Did the 'manufacturer' give you comprehensive answer to your request? ))

This morning I just plucked up with my heart and connected the output wire of my impeller's IR sensor to D2 pin of Arduino Nano '328. Before this I had changed the IR-emitter' resistor so consumption current has rised from 200 uA up to nominal 20 mA, so the output signal's amplitude has rised from 700 mV up to a bit less than 5V. This signal's level allowed me to engage the logical pin instead of analog comparator (it was made in order to simplify the first steps).

The sketch has been found here on the Forum, successfully compiled and loaded:
http://forum.arduino.cc/index.php/topic,75571.0.html

Here is the code itself:

/*
size = 3276
Version 1.0 B

To measure a frequency pulse and display in the serial monitor.

Connect the pulse source to pin 2.
The source have to be a +5 V to Gnd signal.

In this experiment, I use a second Arduino to generated
a pulse.
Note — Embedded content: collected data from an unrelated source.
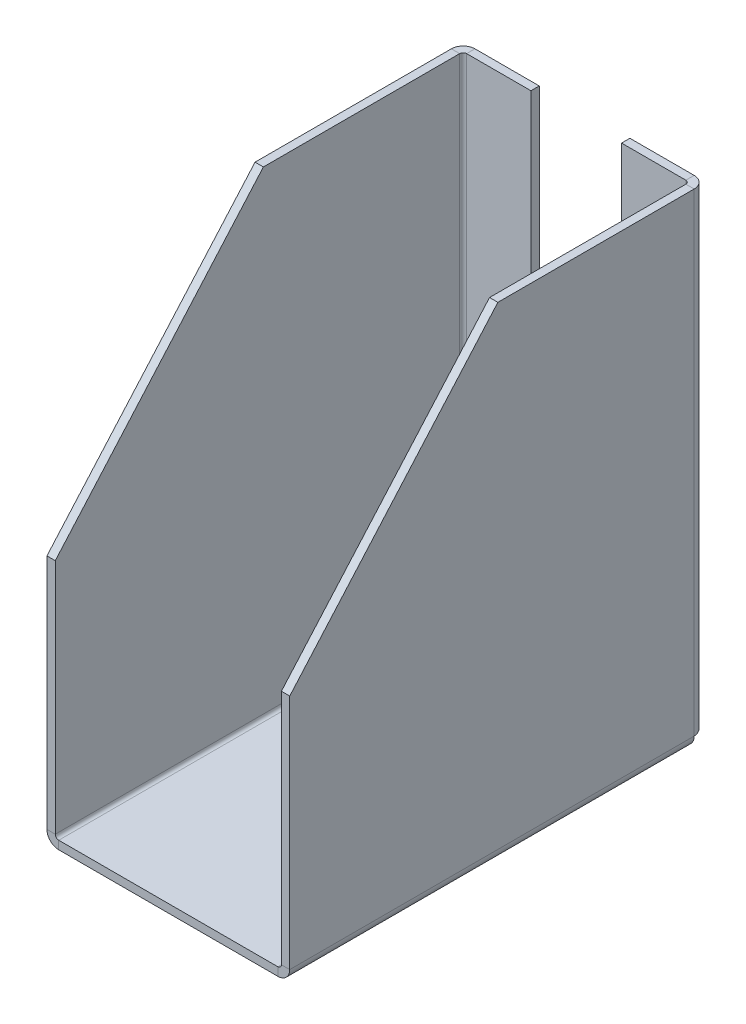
ISO-10303-21;
HEADER;
FILE_DESCRIPTION(('STEP AP214'),'2;1');
FILE_NAME('part.step','',(''),(''),'','','');
FILE_SCHEMA(('AUTOMOTIVE_DESIGN { 1 0 10303 214 1 1 1 1 }'));
ENDSEC;
DATA;
#1=APPLICATION_CONTEXT('core data for automotive mechanical design processes');
#2=APPLICATION_PROTOCOL_DEFINITION('international standard','automotive_design',2000,#1);
#3=PRODUCT_CONTEXT('',#1,'mechanical');
#4=PRODUCT('Part','Part','',(#3));
#5=PRODUCT_RELATED_PRODUCT_CATEGORY('part','',(#4));
#6=PRODUCT_DEFINITION_FORMATION('','',#4);
#7=PRODUCT_DEFINITION_CONTEXT('part definition',#1,'design');
#8=PRODUCT_DEFINITION('design','',#6,#7);
#9=PRODUCT_DEFINITION_SHAPE('','',#8);
#10=(LENGTH_UNIT() NAMED_UNIT(*) SI_UNIT(.MILLI.,.METRE.));
#11=(NAMED_UNIT(*) PLANE_ANGLE_UNIT() SI_UNIT($,.RADIAN.));
#12=(NAMED_UNIT(*) SI_UNIT($,.STERADIAN.) SOLID_ANGLE_UNIT());
#13=UNCERTAINTY_MEASURE_WITH_UNIT(LENGTH_MEASURE(1.E-05),#10,'distance_accuracy_value','');
#14=(GEOMETRIC_REPRESENTATION_CONTEXT(3) GLOBAL_UNCERTAINTY_ASSIGNED_CONTEXT((#13)) GLOBAL_UNIT_ASSIGNED_CONTEXT((#10,
#11,#12)) REPRESENTATION_CONTEXT('',''));
#15=CARTESIAN_POINT('',(0.,0.,0.));
#16=DIRECTION('',(0.,0.,1.));
#17=DIRECTION('',(1.,0.,0.));
#18=AXIS2_PLACEMENT_3D('',#15,#16,#17);
#19=CARTESIAN_POINT('',(22.225,0.,76.2));
#20=DIRECTION('',(1.,0.,0.));
#21=DIRECTION('',(0.,0.,-1.));
#22=AXIS2_PLACEMENT_3D('',#19,#20,#21);
#23=PLANE('',#22);
#24=DIRECTION('',(0.,0.,-1.));
#25=VECTOR('',#24,1.);
#26=CARTESIAN_POINT('',(22.225,2.159,76.2));
#27=LINE('',#26,#25);
#28=CARTESIAN_POINT('',(22.225,2.159,76.2));
#29=VERTEX_POINT('',#28);
#30=CARTESIAN_POINT('',(22.225,2.15899999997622,2.159));
#31=VERTEX_POINT('',#30);
#32=EDGE_CURVE('E213',#29,#31,#27,.T.);
#33=ORIENTED_EDGE('',*,*,#32,.T.);
#34=DIRECTION('',(0.,1.,0.));
#35=VECTOR('',#34,1.);
#36=CARTESIAN_POINT('',(22.225,2.15899999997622,2.159));
#37=LINE('',#36,#35);
#38=CARTESIAN_POINT('',(22.225,88.9,2.159));
#39=VERTEX_POINT('',#38);
#40=EDGE_CURVE('E217',#31,#39,#37,.T.);
#41=ORIENTED_EDGE('',*,*,#40,.T.);
#42=DIRECTION('',(0.,0.,-1.));
#43=VECTOR('',#42,1.);
#44=CARTESIAN_POINT('',(22.225,88.9,76.2));
#45=LINE('',#44,#43);
#46=CARTESIAN_POINT('',(22.225,88.9,38.1));
#47=VERTEX_POINT('',#46);
#48=EDGE_CURVE('E227',#47,#39,#45,.T.);
#49=ORIENTED_EDGE('',*,*,#48,.F.);
#50=DIRECTION('',(0.,0.75128058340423,-0.659982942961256));
#51=VECTOR('',#50,1.);
#52=CARTESIAN_POINT('',(22.225,19.8316251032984,98.7749999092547));
#53=LINE('',#52,#51);
#54=CARTESIAN_POINT('',(22.225,45.5295,76.2));
#55=VERTEX_POINT('',#54);
#56=EDGE_CURVE('E422',#55,#47,#53,.T.);
#57=ORIENTED_EDGE('',*,*,#56,.F.);
#58=DIRECTION('',(0.,-1.,0.));
#59=VECTOR('',#58,1.);
#60=CARTESIAN_POINT('',(22.225,0.,76.2));
#61=LINE('',#60,#59);
#62=EDGE_CURVE('E221',#55,#29,#61,.T.);
#63=ORIENTED_EDGE('',*,*,#62,.T.);
#64=EDGE_LOOP('',(#33,#41,#49,#57,#63));
#65=FACE_BOUND('',#64,.T.);
#66=ADVANCED_FACE('F39',(#65),#23,.T.);
#67=CARTESIAN_POINT('',(20.701,88.9,76.2));
#68=DIRECTION('',(0.,1.,0.));
#69=DIRECTION('',(-1.,0.,0.));
#70=AXIS2_PLACEMENT_3D('',#67,#68,#69);
#71=PLANE('',#70);
#72=ORIENTED_EDGE('',*,*,#48,.T.);
#73=DIRECTION('',(-1.,0.,0.));
#74=VECTOR('',#73,1.);
#75=CARTESIAN_POINT('',(22.225,88.9000000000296,2.159));
#76=LINE('',#75,#74);
#77=CARTESIAN_POINT('',(20.701,88.9,2.159));
#78=VERTEX_POINT('',#77);
#79=EDGE_CURVE('E250',#39,#78,#76,.T.);
#80=ORIENTED_EDGE('',*,*,#79,.T.);
#81=DIRECTION('',(0.,0.,-1.));
#82=VECTOR('',#81,1.);
#83=CARTESIAN_POINT('',(20.701,88.9,76.2));
#84=LINE('',#83,#82);
#85=CARTESIAN_POINT('',(20.701,88.9,38.1));
#86=VERTEX_POINT('',#85);
#87=EDGE_CURVE('E468',#86,#78,#84,.T.);
#88=ORIENTED_EDGE('',*,*,#87,.F.);
#89=DIRECTION('',(-1.,0.,0.));
#90=VECTOR('',#89,1.);
#91=CARTESIAN_POINT('',(20.701,88.9,38.1));
#92=LINE('',#91,#90);
#93=EDGE_CURVE('E427',#86,#47,#92,.F.);
#94=ORIENTED_EDGE('',*,*,#93,.T.);
#95=EDGE_LOOP('',(#72,#80,#88,#94));
#96=FACE_BOUND('',#95,.T.);
#97=ADVANCED_FACE('F558',(#96),#71,.T.);
#98=CARTESIAN_POINT('',(20.701,0.,76.2));
#99=DIRECTION('',(1.,0.,0.));
#100=DIRECTION('',(0.,0.,-1.));
#101=AXIS2_PLACEMENT_3D('',#98,#99,#100);
#102=PLANE('',#101);
#103=DIRECTION('',(0.,1.,0.));
#104=VECTOR('',#103,1.);
#105=CARTESIAN_POINT('',(20.701,2.15899999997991,2.159));
#106=LINE('',#105,#104);
#107=CARTESIAN_POINT('',(20.701,2.159,2.159));
#108=VERTEX_POINT('',#107);
#109=EDGE_CURVE('E265',#108,#78,#106,.T.);
#110=ORIENTED_EDGE('',*,*,#109,.F.);
#111=DIRECTION('',(0.,0.,-1.));
#112=VECTOR('',#111,1.);
#113=CARTESIAN_POINT('',(20.701,2.159,76.2));
#114=LINE('',#113,#112);
#115=CARTESIAN_POINT('',(20.701,2.159,76.2));
#116=VERTEX_POINT('',#115);
#117=EDGE_CURVE('E465',#116,#108,#114,.T.);
#118=ORIENTED_EDGE('',*,*,#117,.F.);
#119=DIRECTION('',(0.,1.,0.));
#120=VECTOR('',#119,1.);
#121=CARTESIAN_POINT('',(20.701,0.,76.2));
#122=LINE('',#121,#120);
#123=CARTESIAN_POINT('',(20.701,45.5295,76.2));
#124=VERTEX_POINT('',#123);
#125=EDGE_CURVE('E446',#124,#116,#122,.F.);
#126=ORIENTED_EDGE('',*,*,#125,.F.);
#127=DIRECTION('',(0.,0.75128058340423,-0.659982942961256));
#128=VECTOR('',#127,1.);
#129=CARTESIAN_POINT('',(20.701,19.8316251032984,98.7749999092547));
#130=LINE('',#129,#128);
#131=EDGE_CURVE('E420',#124,#86,#130,.T.);
#132=ORIENTED_EDGE('',*,*,#131,.T.);
#133=ORIENTED_EDGE('',*,*,#87,.T.);
#134=EDGE_LOOP('',(#110,#118,#126,#132,#133));
#135=FACE_BOUND('',#134,.T.);
#136=ADVANCED_FACE('F498',(#135),#102,.F.);
#137=CARTESIAN_POINT('',(-22.225,0.,76.2));
#138=DIRECTION('',(0.,-1.,0.));
#139=DIRECTION('',(0.,0.,-1.));
#140=AXIS2_PLACEMENT_3D('',#137,#138,#139);
#141=PLANE('',#140);
#142=DIRECTION('',(0.,0.,-1.));
#143=VECTOR('',#142,1.);
#144=CARTESIAN_POINT('',(-20.066,0.,76.2));
#145=LINE('',#144,#143);
#146=CARTESIAN_POINT('',(-20.066,0.,76.2));
#147=VERTEX_POINT('',#146);
#148=CARTESIAN_POINT('',(-20.066,0.,2.159));
#149=VERTEX_POINT('',#148);
#150=EDGE_CURVE('E473',#147,#149,#145,.T.);
#151=ORIENTED_EDGE('',*,*,#150,.T.);
#152=DIRECTION('',(1.,0.,0.));
#153=VECTOR('',#152,1.);
#154=CARTESIAN_POINT('',(-20.0660000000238,0.,2.159));
#155=LINE('',#154,#153);
#156=CARTESIAN_POINT('',(20.066,0.,2.159));
#157=VERTEX_POINT('',#156);
#158=EDGE_CURVE('E299',#149,#157,#155,.T.);
#159=ORIENTED_EDGE('',*,*,#158,.T.);
#160=DIRECTION('',(0.,0.,-1.));
#161=VECTOR('',#160,1.);
#162=CARTESIAN_POINT('',(20.066,0.,76.2));
#163=LINE('',#162,#161);
#164=CARTESIAN_POINT('',(20.066,0.,76.2));
#165=VERTEX_POINT('',#164);
#166=EDGE_CURVE('E226',#165,#157,#163,.T.);
#167=ORIENTED_EDGE('',*,*,#166,.F.);
#168=DIRECTION('',(-1.,0.,0.));
#169=VECTOR('',#168,1.);
#170=CARTESIAN_POINT('',(-22.225,0.,76.2));
#171=LINE('',#170,#169);
#172=EDGE_CURVE('E440',#165,#147,#171,.T.);
#173=ORIENTED_EDGE('',*,*,#172,.T.);
#174=EDGE_LOOP('',(#151,#159,#167,#173));
#175=FACE_BOUND('',#174,.T.);
#176=ADVANCED_FACE('F513',(#175),#141,.T.);
#177=CARTESIAN_POINT('',(20.066,2.159,76.2));
#178=DIRECTION('',(0.,0.,-1.));
#179=DIRECTION('',(-1.,0.,0.));
#180=AXIS2_PLACEMENT_3D('',#177,#178,#179);
#181=CYLINDRICAL_SURFACE('',#180,2.159);
#182=ORIENTED_EDGE('',*,*,#166,.T.);
#183=CARTESIAN_POINT('',(20.066,2.159,2.159));
#184=DIRECTION('',(0.,0.,1.));
#185=DIRECTION('',(1.,0.,0.));
#186=AXIS2_PLACEMENT_3D('',#183,#184,#185);
#187=CIRCLE('',#186,2.159);
#188=EDGE_CURVE('E230',#31,#157,#187,.F.);
#189=ORIENTED_EDGE('',*,*,#188,.F.);
#190=ORIENTED_EDGE('',*,*,#32,.F.);
#191=CARTESIAN_POINT('',(20.066,2.159,76.2));
#192=DIRECTION('',(0.,0.,1.));
#193=DIRECTION('',(1.,0.,0.));
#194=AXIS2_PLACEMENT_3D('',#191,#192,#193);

A 555 in astable Mode can be use.
Just connect pin 3 of the 555 to pin 2 of the Arduino.

Program by Serge J Desjardins aka techone
Toronto, Ontario, Canada

Compile and Tested.

*/

byte freqpin = 2;

unsigned long timeone;

unsigned int frequency;
unsigned int timediff;

unsigned int tcount=0;

// sample time of 1 second or 1000 ms.
unsigned int sampletime=1000;
unsigned long sampletimetwo=1000000;
unsigned long j;

volatile unsigned int count=0;

void setup()
{
pinMode(freqpin, INPUT);
// set interrupt pin 2 and use rising ( from gnd to +5 )
attachInterrupt(0,freqinput,RISING);
Serial.begin(9600);
}

void loop()
{
/* Use while() loop and use millis().
Calculate the time difference and compare the
value with the sample time.
*/
// activate the interrupt
tcount=0;
count=0;
timediff=0;
attachInterrupt(0,freqinput,RISING);
//interrupts();
timeone=millis();
while(timediff<sampletime)
{
tcount=count;
timediff=millis()-timeone;
}
// de-activated the interrupt
detachInterrupt(0);
//noInterrupts();
// Calculated frequency
frequency=tcount;

// Display frequency
Serial.print("The difference of the delay is : ");
Serial.println(timediff,DEC);
Serial.print("Test while - ");
Serial.print("Frequency : ");
Serial.println(frequency,DEC);
delay(3000);

count=0;
tcount=0;

/* Using a for() loop design. no need for millis() but
you need to fine tune the constant sampletime to set
the proper time for sampling.
*/
// activate the interrupts

// interrupts();
attachInterrupt(0,freqinput,RISING);
timeone=millis();
for (j=0;j<sampletimetwo;j++)
{
tcount=count;
}
timediff=millis()-timeone;
// de-activated the interrupt
//noInterrupts();
detachInterrupt(0);
// Calculated frequency
frequency=tcount;

// Display frequency
Serial.print("The time difference is : ");
Serial.println(timediff,DEC);
Serial.print("Test Loop - ");
Serial.print("Frequency : ");
Serial.println(frequency,DEC);
Serial.println("\n");
delay(3000);

}

// The interrupt routine
void freqinput ()
{
count++;
}

Well, the difference between 'test 'while' and 'test 'for' is like 30 and 27 respectively, in average, i.e. about 3 .. 5 pps (Hz), as represented on screenshot below. What does it mean and what should I do next? Which result is true (or just more accurate)?